* Problem description *
Check the records below line by line. Give the count of lines with "coinciden", and nothing else.

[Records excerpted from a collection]

- Opening Delimiter -

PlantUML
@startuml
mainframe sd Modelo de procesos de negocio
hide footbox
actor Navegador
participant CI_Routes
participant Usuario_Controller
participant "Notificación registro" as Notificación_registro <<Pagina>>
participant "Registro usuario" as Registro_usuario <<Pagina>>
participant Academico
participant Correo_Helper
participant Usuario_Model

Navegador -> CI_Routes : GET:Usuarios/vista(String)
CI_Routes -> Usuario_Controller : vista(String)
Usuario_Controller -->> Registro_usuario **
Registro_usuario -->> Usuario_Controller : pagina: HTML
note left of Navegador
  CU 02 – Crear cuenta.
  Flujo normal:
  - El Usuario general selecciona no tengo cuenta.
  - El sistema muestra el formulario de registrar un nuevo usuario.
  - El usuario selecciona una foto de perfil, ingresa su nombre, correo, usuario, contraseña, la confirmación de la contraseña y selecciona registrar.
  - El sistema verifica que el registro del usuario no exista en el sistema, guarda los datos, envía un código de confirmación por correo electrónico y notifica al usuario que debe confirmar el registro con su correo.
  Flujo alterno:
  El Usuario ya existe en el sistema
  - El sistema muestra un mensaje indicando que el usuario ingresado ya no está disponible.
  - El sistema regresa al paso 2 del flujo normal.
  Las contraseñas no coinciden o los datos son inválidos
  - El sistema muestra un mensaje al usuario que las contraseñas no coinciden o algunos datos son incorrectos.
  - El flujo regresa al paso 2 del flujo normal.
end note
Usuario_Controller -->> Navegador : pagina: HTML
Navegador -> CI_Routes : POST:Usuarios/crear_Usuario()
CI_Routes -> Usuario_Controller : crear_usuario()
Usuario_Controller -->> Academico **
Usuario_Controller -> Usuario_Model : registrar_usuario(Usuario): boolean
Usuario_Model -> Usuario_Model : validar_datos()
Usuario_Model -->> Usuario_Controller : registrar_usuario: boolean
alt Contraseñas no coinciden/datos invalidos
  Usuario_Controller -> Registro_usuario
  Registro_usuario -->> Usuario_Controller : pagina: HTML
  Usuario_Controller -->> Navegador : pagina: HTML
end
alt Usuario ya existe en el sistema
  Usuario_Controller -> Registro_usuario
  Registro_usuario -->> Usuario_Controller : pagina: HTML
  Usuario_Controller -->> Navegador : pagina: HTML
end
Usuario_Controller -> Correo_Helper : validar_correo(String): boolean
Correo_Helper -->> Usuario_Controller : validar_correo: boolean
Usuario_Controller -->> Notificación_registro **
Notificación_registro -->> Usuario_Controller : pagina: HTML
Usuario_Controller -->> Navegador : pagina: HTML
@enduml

- Closing Delimiter -

* Response box *
3